Anyway I decided to add more epsom salts.... again..... to try to see if this would help. I just did that last night and already today the R. rotundifolia is loosing some of the red color in the tips..... It is still yellow but I am hoping that they also start to green up. Just curious to see if what anyone knows about this, and if any one has seen a lack of Mg cause iron colorists, or plants to take on a reddish hue. Thanks

Matt


----------



## MrSanders (Mar 5, 2006)

Anyone? lol... either no one noticed the last post.... or no one knows? Oh well... it *appears* that the extra Mg added at WC is helping out, though it hasnt been to long, But the over all redness, is fading out.... and it seems like the plants are slowly starting to green up again. 

There was also a good amount of light veining in older leaves of several species. The older leaves didnt turn to yellow at all, but when looked at from above one can definantly see dark green veins compared to the rest of the leaf color which strongly makes me feel that Mg was slightly limiting. Time will tell. Thanks to anyone who has had any expierence with Mg deficiency and can share syptoms they observed other than the usual dark veins with lighter colored leaves.

Matt


----------



## BryceM (Nov 6, 2005)

I think I'm in the 'nobody knows' camp. I've been looking & reading a lot to figure out why some of my older anubias leaves are yellowing. Maybe its the same problem...........


----------



## MatPat (Mar 22, 2004)

Sorry Matt, I must have missed your post somehow :doh:

I'm not sure of Mg deficiency either. I've never experienced it myself. You are doing what I would do when a deficiency is expected by dosing a bit more od the suspected nutrient and seeing if that helps. How much extra Mg are you adding?

In a week or two, maybe more maybe less, you should be able to see if a Mg deficiency was in fact the issue. Please keep us posted on your "experiment"


----------



## MrSanders (Mar 5, 2006)

LoL, well my "expierment" is more of a process of gaining my sanity back! lol, I just want a beautiful tank like I see in the pretty pictures! haha, though I guess i also have high standards because I'm sure many on here would be thrilled with my tank, and I KNOW most anyone in my local club would be blow away that such plants can be grown in an aquarium.... non the less It is obvious to any one very much into plants like my self that there is something going on and health and growth arnt all to great right now.

Anyway in the past it was always try this or that, add a bunch of this or less of something else.... and if things didnt perk up in a few days i would move on to something else..... well as you all know I learned that i was just a dog chasing his tail doing that! lol so now im trying to take it a bit slower and narrow things down.

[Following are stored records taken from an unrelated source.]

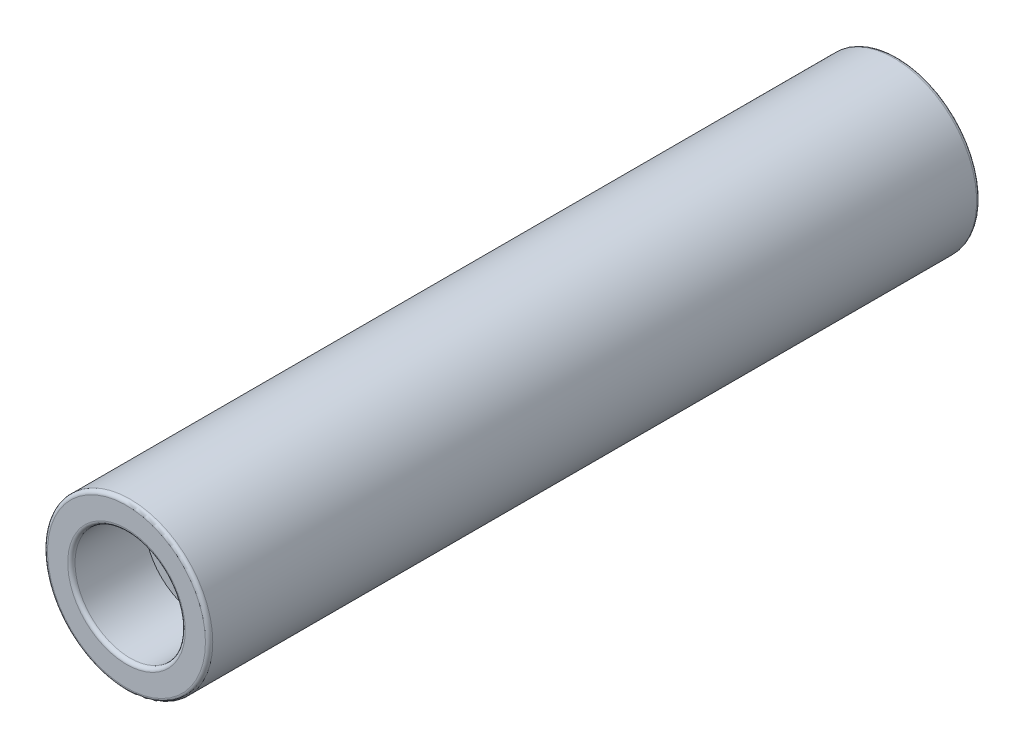
from build123d import *

# Parameters (mm, degrees)
SKETCH1_R           = 4.5
SKETCH1_R_2         = 2
EXTRUDE_THIN1_DEPTH = 12
SKETCH11_R          = 4.5
SKETCH11_R_2        = 1.5
EXTRUDE_THIN3_DEPTH = 5
SKETCH12_R          = 4.5
SKETCH12_R_2        = 3
EXTRUDE_THIN4_DEPTH = 4
THREAD1_PITCH       = 0.5
FILLET2_R           = 0.2


# Read off the part's stored shape, not the designer's step: Revolve1
with BuildPart() as part:
    # Sketch1 → Extrude-Thin1 (new body)
    with BuildSketch(Plane.XY):
        Circle(SKETCH1_R)
        Circle(SKETCH1_R_2, mode=Mode.SUBTRACT)
    extrude_thin1 = extrude(amount=EXTRUDE_THIN1_DEPTH)

    # Sketch11 → Extrude-Thin3 (add)
    with BuildSketch(Plane.XY.offset(12)):
        Circle(SKETCH11_R)
        Circle(SKETCH11_R_2, mode=Mode.SUBTRACT)
    extrude_thin3 = extrude(amount=EXTRUDE_THIN3_DEPTH)

    # Sketch12 → Extrude-Thin4 (add)
    with BuildSketch(Plane.XY.offset(17)):
        Circle(SKETCH12_R)
        Circle(SKETCH12_R_2, mode=Mode.SUBTRACT)
    extrude_thin4 = extrude(amount=EXTRUDE_THIN4_DEPTH)

    # Thread1: the profile of Thread Profile1 profile screwed along a right-hand helix of 10 turns, 6 arcs to a turn; built about Z, then put on its axis
    thread1_z = Axis((0, 0, 0), (0, 0, 1))
    thread1_corners = [(1.5003, 0, -0.000173205), (1.5003, 0, 0.437673204), (1.229367063, 0, 0.281249999), (1.229367063, 0, 0.156249999)]
    with BuildLine(mode=Mode.PRIVATE) as thread1_profile:
        Line(thread1_corners[0], thread1_corners[1])
        Line(thread1_corners[1], thread1_corners[2])
        Line(thread1_corners[2], thread1_corners[3])
        Line(thread1_corners[3], thread1_corners[0])
    thread1_cap = Face(thread1_profile.wire())
    thread1_turn_angles = [0, 30, 60, 90, 120, 150, 180, 210, 240, 270, 300, 330, 360]
    thread1_turn_weights = [1, 0.8660254037844387, 1, 0.8660254037844387, 1, 0.8660254037844387, 1, 0.8660254037844387, 1, 0.8660254037844387, 1, 0.8660254037844387, 1]
    thread1_turn_rails = [Edge.make_bspline([Vector(p[0], p[1], 0).rotate(thread1_z, thread1_turn_angles[k]) / thread1_turn_weights[k] + Vector(0, 0, p[2] + THREAD1_PITCH * thread1_turn_angles[k] / 360) for k in range(13)], [0, 0, 0, 1, 1, 2, 2, 3, 3, 4, 4, 5, 5, 6, 6, 6], 2, thread1_turn_weights) for p in thread1_corners]
    thread1_turn_sides = [Face.make_surface_from_curves(thread1_turn_rails[p[0]], thread1_turn_rails[p[1]]) for p in [(0, 1), (1, 2), (2, 3), (3, 0)]]
    thread1 = Plane(origin=(0, 0, 12), x_dir=(1, 0, 0), z_dir=(0, 0, 1)) * Solid(Shell([*[p.moved(Location((0, 0, THREAD1_PITCH * i))) for i in range(10) for p in thread1_turn_sides], thread1_cap, thread1_cap.rotate(thread1_z, 3600).moved(Location((0, 0, THREAD1_PITCH * 3600 / 360)))]))
    add(thread1)

    # Mirror2: Extrude-Thin1, Extrude-Thin3, Extrude-Thin4, Thread1 across plane
    add(extrude_thin1.mirror(Plane.XY))
    add(extrude_thin3.mirror(Plane.XY))
    add(extrude_thin4.mirror(Plane.XY))
    add(thread1.mirror(Plane.XY))

    # Fillet2
    fillet2_edges = [part.edges().sort_by_distance(p)[0] for p in [
        (-4.5, 0, 21),
        (-3, 0, 21),
        (-4.5, 0, -21),
        (-3, 0, -21),
    ]]
    fillet(fillet2_edges, radius=FILLET2_R)

    # Revolve1 outline → Revolve1 (revolve)
    with BuildSketch(Plane.XZ):
        Polygon((2, 12), (1.5, 12), (2, 11.5), align=None)
    revolve1 = revolve(axis=Axis((0, 0, 0), (0, 0, 1)))

    # Mirror3: Revolve1 across plane
    add(revolve1.mirror(Plane.XY))


solid = part.part

I dont really feel like i would be limited on Mg but all else seems to be covered, and there are some tell tail signs that scream Mg deficiency that made me decide to start adding more ie... over all slow growth, and older leaves with small brown pin hole, along with light color and dark veins.

among all the other things going on with the new growth that is  So to the question of how much Mg.... supposidly my tap has around 5ppm... thats what the water company had several months back.... I havnt checked back recently though.

for the past 2 weeks or so I have been adding what I adopted as my "base line" to start work with. Which was pretty much similar to what I had been doseing for the past few months.... with an increase in iron and seachem Eq. to rule a few things out right off the bat.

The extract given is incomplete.